The problem »
In the entries below, print exactly the lines from the first through the one with "#1=APPLICATION_CONTEXT('core data for", both included, and none of the pictures.

Extracted data »
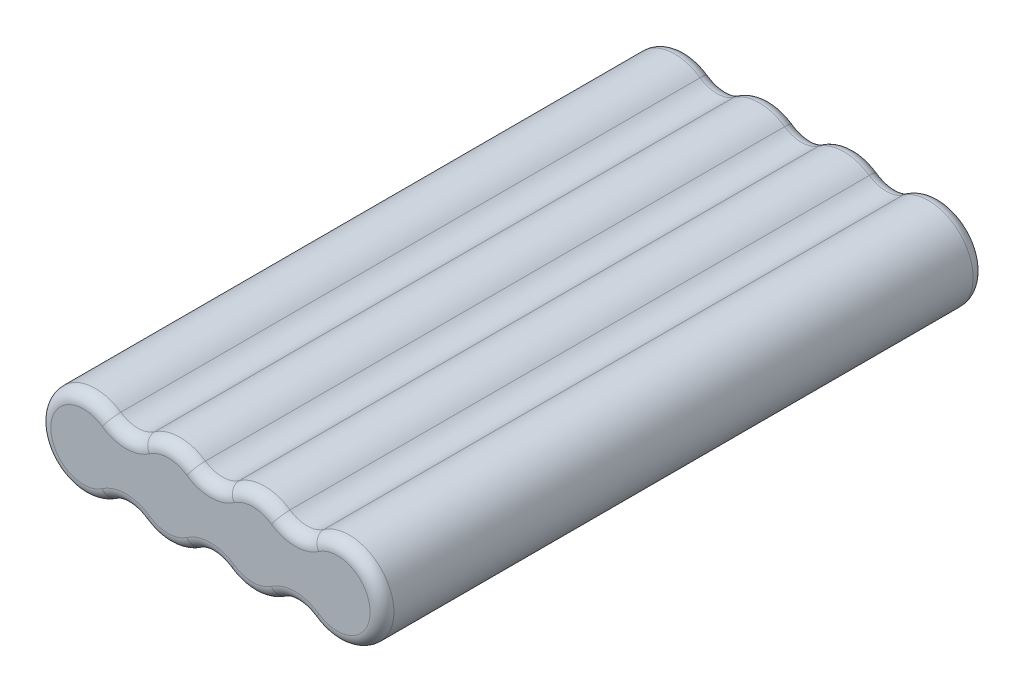
ISO-10303-21;
HEADER;
FILE_DESCRIPTION(('STEP AP214'),'2;1');
FILE_NAME('part.step','',(''),(''),'','','');
FILE_SCHEMA(('AUTOMOTIVE_DESIGN { 1 0 10303 214 1 1 1 1 }'));
ENDSEC;
DATA;
#1=APPLICATION_CONTEXT('core data for automotive mechanical design processes');
#2=APPLICATION_PROTOCOL_DEFINITION('international standard','automotive_design',2000,#1);
#3=PRODUCT_CONTEXT('',#1,'mechanical');
#4=PRODUCT('Part','Part','',(#3));
#5=PRODUCT_RELATED_PRODUCT_CATEGORY('part','',(#4));
#6=PRODUCT_DEFINITION_FORMATION('','',#4);
#7=PRODUCT_DEFINITION_CONTEXT('part definition',#1,'design');
#8=PRODUCT_DEFINITION('design','',#6,#7);
#9=PRODUCT_DEFINITION_SHAPE('','',#8);
#10=(LENGTH_UNIT() NAMED_UNIT(*) SI_UNIT(.MILLI.,.METRE.));
#11=(NAMED_UNIT(*) PLANE_ANGLE_UNIT() SI_UNIT($,.RADIAN.));
#12=(NAMED_UNIT(*) SI_UNIT($,.STERADIAN.) SOLID_ANGLE_UNIT());
#13=UNCERTAINTY_MEASURE_WITH_UNIT(LENGTH_MEASURE(1.E-05),#10,'distance_accuracy_value','');
#14=(GEOMETRIC_REPRESENTATION_CONTEXT(3) GLOBAL_UNCERTAINTY_ASSIGNED_CONTEXT((#13)) GLOBAL_UNIT_ASSIGNED_CONTEXT((#10,
#11,#12)) REPRESENTATION_CONTEXT('',''));
#15=CARTESIAN_POINT('',(0.,0.,0.));
#16=DIRECTION('',(0.,0.,1.));
#17=DIRECTION('',(1.,0.,0.));
#18=AXIS2_PLACEMENT_3D('',#15,#16,#17);
#19=CARTESIAN_POINT('',(14.2193333333333,-10.2811789153233,50.673));
#20=DIRECTION('',(0.,0.,-1.));
#21=DIRECTION('',(-1.,0.,0.));
#22=AXIS2_PLACEMENT_3D('',#19,#20,#21);
#23=CYLINDRICAL_SURFACE('',#22,5.);
#24=DIRECTION('',(0.,0.,-1.));
#25=VECTOR('',#24,1.);
#26=CARTESIAN_POINT('',(11.3754666666667,-6.16870734919399,50.673));
#27=LINE('',#26,#25);
#28=CARTESIAN_POINT('',(11.3754666666667,-6.16870734919399,48.673));
#29=VERTEX_POINT('',#28);
#30=CARTESIAN_POINT('',(11.3754666666667,-6.16870734919399,-48.673));
#31=VERTEX_POINT('',#30);
#32=EDGE_CURVE('E365',#29,#31,#27,.T.);
#33=ORIENTED_EDGE('',*,*,#32,.T.);
#34=CARTESIAN_POINT('',(14.2193333333333,-10.2811789153233,-48.673));
#35=DIRECTION('',(0.,0.,1.));
#36=DIRECTION('',(1.,0.,0.));
#37=AXIS2_PLACEMENT_3D('',#34,#35,#36);
#38=CIRCLE('',#37,5.);
#39=CARTESIAN_POINT('',(17.0632,-6.16870734919399,-48.673));
#40=VERTEX_POINT('',#39);
#41=EDGE_CURVE('E310',#31,#40,#38,.F.);
#42=ORIENTED_EDGE('',*,*,#41,.T.);
#43=DIRECTION('',(0.,0.,-1.));
#44=VECTOR('',#43,1.);
#45=CARTESIAN_POINT('',(17.0632,-6.16870734919399,50.673));
#46=LINE('',#45,#44);
#47=CARTESIAN_POINT('',(17.0632,-6.16870734919399,48.673));
#48=VERTEX_POINT('',#47);
#49=EDGE_CURVE('E225',#48,#40,#46,.T.);
#50=ORIENTED_EDGE('',*,*,#49,.F.);
#51=CARTESIAN_POINT('',(14.2193333333333,-10.2811789153233,48.673));
#52=DIRECTION('',(0.,0.,1.));
#53=DIRECTION('',(1.,0.,0.));
#54=AXIS2_PLACEMENT_3D('',#51,#52,#53);
#55=CIRCLE('',#54,5.);
#56=EDGE_CURVE('E308',#48,#29,#55,.T.);
#57=ORIENTED_EDGE('',*,*,#56,.T.);
#58=EDGE_LOOP('',(#33,#42,#50,#57));
#59=FACE_BOUND('',#58,.T.);
#60=ADVANCED_FACE('F41',(#59),#23,.F.);
#61=CARTESIAN_POINT('',(21.329,0.,50.673));
#62=DIRECTION('',(0.,0.,-1.));
#63=DIRECTION('',(-1.,0.,0.));
#64=AXIS2_PLACEMENT_3D('',#61,#62,#63);
#65=CYLINDRICAL_SURFACE('',#64,7.5);
#66=ORIENTED_EDGE('',*,*,#49,.T.);
#67=CARTESIAN_POINT('',(21.329,0.,-48.673));
#68=DIRECTION('',(0.,0.,1.));
#69=DIRECTION('',(1.,0.,0.));
#70=AXIS2_PLACEMENT_3D('',#67,#68,#69);
#71=CIRCLE('',#70,7.5);
#72=CARTESIAN_POINT('',(17.0632,6.168707349194,-48.673));
#73=VERTEX_POINT('',#72);
#74=EDGE_CURVE('E224',#40,#73,#71,.T.);
#75=ORIENTED_EDGE('',*,*,#74,.T.);
#76=DIRECTION('',(0.,0.,-1.));
#77=VECTOR('',#76,1.);
#78=CARTESIAN_POINT('',(17.0632,6.168707349194,50.673));
#79=LINE('',#78,#77);
#80=CARTESIAN_POINT('',(17.0632,6.168707349194,48.673));
#81=VERTEX_POINT('',#80);
#82=EDGE_CURVE('E206',#81,#73,#79,.T.);
#83=ORIENTED_EDGE('',*,*,#82,.F.);
#84=CARTESIAN_POINT('',(21.329,0.,48.673));
#85=DIRECTION('',(0.,0.,1.));
#86=DIRECTION('',(1.,0.,0.));
#87=AXIS2_PLACEMENT_3D('',#84,#85,#86);
#88=CIRCLE('',#87,7.5);
#89=EDGE_CURVE('E221',#81,#48,#88,.F.);
#90=ORIENTED_EDGE('',*,*,#89,.T.);
#91=EDGE_LOOP('',(#66,#75,#83,#90));
#92=FACE_BOUND('',#91,.T.);
#93=ADVANCED_FACE('F219',(#92),#65,.T.);
#94=CARTESIAN_POINT('',(14.2193333333333,10.2811789153233,50.673));
#95=DIRECTION('',(0.,0.,-1.));
#96=DIRECTION('',(-1.,0.,0.));
#97=AXIS2_PLACEMENT_3D('',#94,#95,#96);
#98=CYLINDRICAL_SURFACE('',#97,5.);
#99=ORIENTED_EDGE('',*,*,#82,.T.);
#100=CARTESIAN_POINT('',(14.2193333333333,10.2811789153233,-48.673));
#101=DIRECTION('',(0.,0.,1.));
#102=DIRECTION('',(1.,0.,0.));
#103=AXIS2_PLACEMENT_3D('',#100,#101,#102);
#104=CIRCLE('',#103,5.);
#105=CARTESIAN_POINT('',(11.3754666666667,6.168707349194,-48.673));
#106=VERTEX_POINT('',#105);
#107=EDGE_CURVE('E213',#73,#106,#104,.F.);
#108=ORIENTED_EDGE('',*,*,#107,.T.);
#109=DIRECTION('',(0.,0.,-1.));
#110=VECTOR('',#109,1.);
#111=CARTESIAN_POINT('',(11.3754666666667,6.168707349194,50.673));
#112=LINE('',#111,#110);
#113=CARTESIAN_POINT('',(11.3754666666667,6.168707349194,48.673));
#114=VERTEX_POINT('',#113);
#115=EDGE_CURVE('E208',#114,#106,#112,.T.);
#116=ORIENTED_EDGE('',*,*,#115,.F.);
#117=CARTESIAN_POINT('',(14.2193333333333,10.2811789153233,48.673));
#118=DIRECTION('',(0.,0.,1.));
#119=DIRECTION('',(1.,0.,0.));
#120=AXIS2_PLACEMENT_3D('',#117,#118,#119);
#121=CIRCLE('',#120,5.);
#122=EDGE_CURVE('E203',#114,#81,#121,.T.);
#123=ORIENTED_EDGE('',*,*,#122,.T.);
#124=EDGE_LOOP('',(#99,#108,#116,#123));
#125=FACE_BOUND('',#124,.T.);
#126=ADVANCED_FACE('F205',(#125),#98,.F.);
#127=CARTESIAN_POINT('',(7.10966666666667,0.,50.673));
#128=DIRECTION('',(0.,0.,-1.));
#129=DIRECTION('',(-1.,0.,0.));
#130=AXIS2_PLACEMENT_3D('',#127,#128,#129);
#131=CYLINDRICAL_SURFACE('',#130,7.5);
#132=ORIENTED_EDGE('',*,*,#115,.T.);
#133=CARTESIAN_POINT('',(7.10966666666667,0.,-48.673));
#134=DIRECTION('',(0.,0.,1.));
#135=DIRECTION('',(1.,0.,0.));
#136=AXIS2_PLACEMENT_3D('',#133,#134,#135);
#137=CIRCLE('',#136,7.5);
#138=CARTESIAN_POINT('',(2.84386666666667,6.168707349194,-48.673));
#139=VERTEX_POINT('',#138);
#140=EDGE_CURVE('E273',#106,#139,#137,.T.);
#141=ORIENTED_EDGE('',*,*,#140,.T.);
#142=DIRECTION('',(0.,0.,-1.));
#143=VECTOR('',#142,1.);
#144=CARTESIAN_POINT('',(2.84386666666667,6.168707349194,50.673));
#145=LINE('',#144,#143);
#146=CARTESIAN_POINT('',(2.84386666666667,6.168707349194,48.673));
#147=VERTEX_POINT('',#146);
#148=EDGE_CURVE('E415',#147,#139,#145,.T.);
#149=ORIENTED_EDGE('',*,*,#148,.F.);
#150=CARTESIAN_POINT('',(7.10966666666667,0.,48.673));
#151=DIRECTION('',(0.,0.,1.));
#152=DIRECTION('',(1.,0.,0.));
#153=AXIS2_PLACEMENT_3D('',#150,#151,#152);
#154=CIRCLE('',#153,7.5);
#155=EDGE_CURVE('E271',#147,#114,#154,.F.);
#156=ORIENTED_EDGE('',*,*,#155,.T.);
#157=EDGE_LOOP('',(#132,#141,#149,#156));
#158=FACE_BOUND('',#157,.T.);
#159=ADVANCED_FACE('F424',(#158),#131,.T.);
#160=CARTESIAN_POINT('',(0.,10.2811789153233,50.673));
#161=DIRECTION('',(0.,0.,-1.));
#162=DIRECTION('',(-1.,0.,0.));
#163=AXIS2_PLACEMENT_3D('',#160,#161,#162);
#164=CYLINDRICAL_SURFACE('',#163,5.);
#165=ORIENTED_EDGE('',*,*,#148,.T.);
#166=CARTESIAN_POINT('',(0.,10.2811789153233,-48.673));
#167=DIRECTION('',(0.,0.,1.));
#168=DIRECTION('',(1.,0.,0.));
#169=AXIS2_PLACEMENT_3D('',#166,#167,#168);
#170=CIRCLE('',#169,5.);
#171=CARTESIAN_POINT('',(-2.84386666666667,6.168707349194,-48.673));
#172=VERTEX_POINT('',#171);
#173=EDGE_CURVE('E277',#139,#172,#170,.F.);
#174=ORIENTED_EDGE('',*,*,#173,.T.);
#175=DIRECTION('',(0.,0.,-1.));
#176=VECTOR('',#175,1.);
#177=CARTESIAN_POINT('',(-2.84386666666667,6.168707349194,50.673));
#178=LINE('',#177,#176);
#179=CARTESIAN_POINT('',(-2.84386666666667,6.168707349194,48.673));
#180=VERTEX_POINT('',#179);
#181=EDGE_CURVE('E406',#180,#172,#178,.T.);
#182=ORIENTED_EDGE('',*,*,#181,.F.);
#183=CARTESIAN_POINT('',(0.,10.2811789153233,48.673));
#184=DIRECTION('',(0.,0.,1.));
#185=DIRECTION('',(1.,0.,0.));
#186=AXIS2_PLACEMENT_3D('',#183,#184,#185);
#187=CIRCLE('',#186,5.);
#188=EDGE_CURVE('E275',#180,#147,#187,.T.);
#189=ORIENTED_EDGE('',*,*,#188,.T.);
#190=EDGE_LOOP('',(#165,#174,#182,#189));
#191=FACE_BOUND('',#190,.T.);
#192=ADVANCED_FACE('F412',(#191),#164,.F.);
#193=CARTESIAN_POINT('',(-7.10966666666667,0.,50.673));
#194=DIRECTION('',(0.,0.,-1.));
#195=DIRECTION('',(-1.,0.,0.));
#196=AXIS2_PLACEMENT_3D('',#193,#194,#195);
#197=CYLINDRICAL_SURFACE('',#196,7.5);
#198=ORIENTED_EDGE('',*,*,#181,.T.);
#199=CARTESIAN_POINT('',(-7.10966666666667,0.,-48.673));
#200=DIRECTION('',(0.,0.,1.));
#201=DIRECTION('',(1.,0.,0.));
#202=AXIS2_PLACEMENT_3D('',#199,#200,#201);
#203=CIRCLE('',#202,7.5);
#204=CARTESIAN_POINT('',(-11.3754666666667,6.168707349194,-48.673));
#205=VERTEX_POINT('',#204);
#206=EDGE_CURVE('E281',#172,#205,#203,.T.);
#207=ORIENTED_EDGE('',*,*,#206,.T.);
#208=DIRECTION('',(0.,0.,-1.));
#209=VECTOR('',#208,1.);
#210=CARTESIAN_POINT('',(-11.3754666666667,6.168707349194,50.673));
#211=LINE('',#210,#209);
#212=CARTESIAN_POINT('',(-11.3754666666667,6.168707349194,48.673));
#213=VERTEX_POINT('',#212);
#214=EDGE_CURVE('E409',#213,#205,#211,.T.);
#215=ORIENTED_EDGE('',*,*,#214,.F.);
#216=CARTESIAN_POINT('',(-7.10966666666667,0.,48.673));
#217=DIRECTION('',(0.,0.,1.));
#218=DIRECTION('',(1.,0.,0.));
#219=AXIS2_PLACEMENT_3D('',#216,#217,#218);
#220=CIRCLE('',#219,7.5);
#221=EDGE_CURVE('E279',#213,#180,#220,.F.);
#222=ORIENTED_EDGE('',*,*,#221,.T.);
#223=EDGE_LOOP('',(#198,#207,#215,#222));
#224=FACE_BOUND('',#223,.T.);
#225=ADVANCED_FACE('F405',(#224),#197,.T.);
#226=CARTESIAN_POINT('',(-14.2193333333333,10.2811789153233,50.673));
#227=DIRECTION('',(0.,0.,-1.));
#228=DIRECTION('',(-1.,0.,0.));
#229=AXIS2_PLACEMENT_3D('',#226,#227,#228);
#230=CYLINDRICAL_SURFACE('',#229,5.);
#231=ORIENTED_EDGE('',*,*,#214,.T.);
#232=CARTESIAN_POINT('',(-14.2193333333333,10.2811789153233,-48.673));
#233=DIRECTION('',(0.,0.,1.));
#234=DIRECTION('',(1.,0.,0.));
#235=AXIS2_PLACEMENT_3D('',#232,#233,#234);
#236=CIRCLE('',#235,5.);
#237=CARTESIAN_POINT('',(-17.0632,6.168707349194,-48.673));
#238=VERTEX_POINT('',#237);
#239=EDGE_CURVE('E285',#205,#238,#236,.F.);
#240=ORIENTED_EDGE('',*,*,#239,.T.);
#241=DIRECTION('',(0.,0.,-1.));
#242=VECTOR('',#241,1.);
#243=CARTESIAN_POINT('',(-17.0632,6.168707349194,50.673));
#244=LINE('',#243,#242);
#245=CARTESIAN_POINT('',(-17.0632,6.168707349194,48.673));
#246=VERTEX_POINT('',#245);
#247=EDGE_CURVE('E418',#246,#238,#244,.T.);
#248=ORIENTED_EDGE('',*,*,#247,.F.);
#249=CARTESIAN_POINT('',(-14.2193333333333,10.2811789153233,48.673));
#250=DIRECTION('',(0.,0.,1.));
#251=DIRECTION('',(1.,0.,0.));
#252=AXIS2_PLACEMENT_3D('',#249,#250,#251);
#253=CIRCLE('',#252,5.);
#254=EDGE_CURVE('E283',#246,#213,#253,.T.);
#255=ORIENTED_EDGE('',*,*,#254,.T.);
#256=EDGE_LOOP('',(#231,#240,#248,#255));
#257=FACE_BOUND('',#256,.T.);
#258=ADVANCED_FACE('F750',(#257),#230,.F.);
#259=CARTESIAN_POINT('',(-21.329,0.,50.673));
#260=DIRECTION('',(0.,0.,-1.));
#261=DIRECTION('',(-1.,0.,0.));
#262=AXIS2_PLACEMENT_3D('',#259,#260,#261);
#263=CYLINDRICAL_SURFACE('',#262,7.5);
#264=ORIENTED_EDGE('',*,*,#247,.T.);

Solution to the problem »
ISO-10303-21;
HEADER;
FILE_DESCRIPTION(('STEP AP214'),'2;1');
FILE_NAME('part.step','',(''),(''),'','','');
FILE_SCHEMA(('AUTOMOTIVE_DESIGN { 1 0 10303 214 1 1 1 1 }'));
ENDSEC;
DATA;
#1=APPLICATION_CONTEXT('core data for automotive mechanical design processes');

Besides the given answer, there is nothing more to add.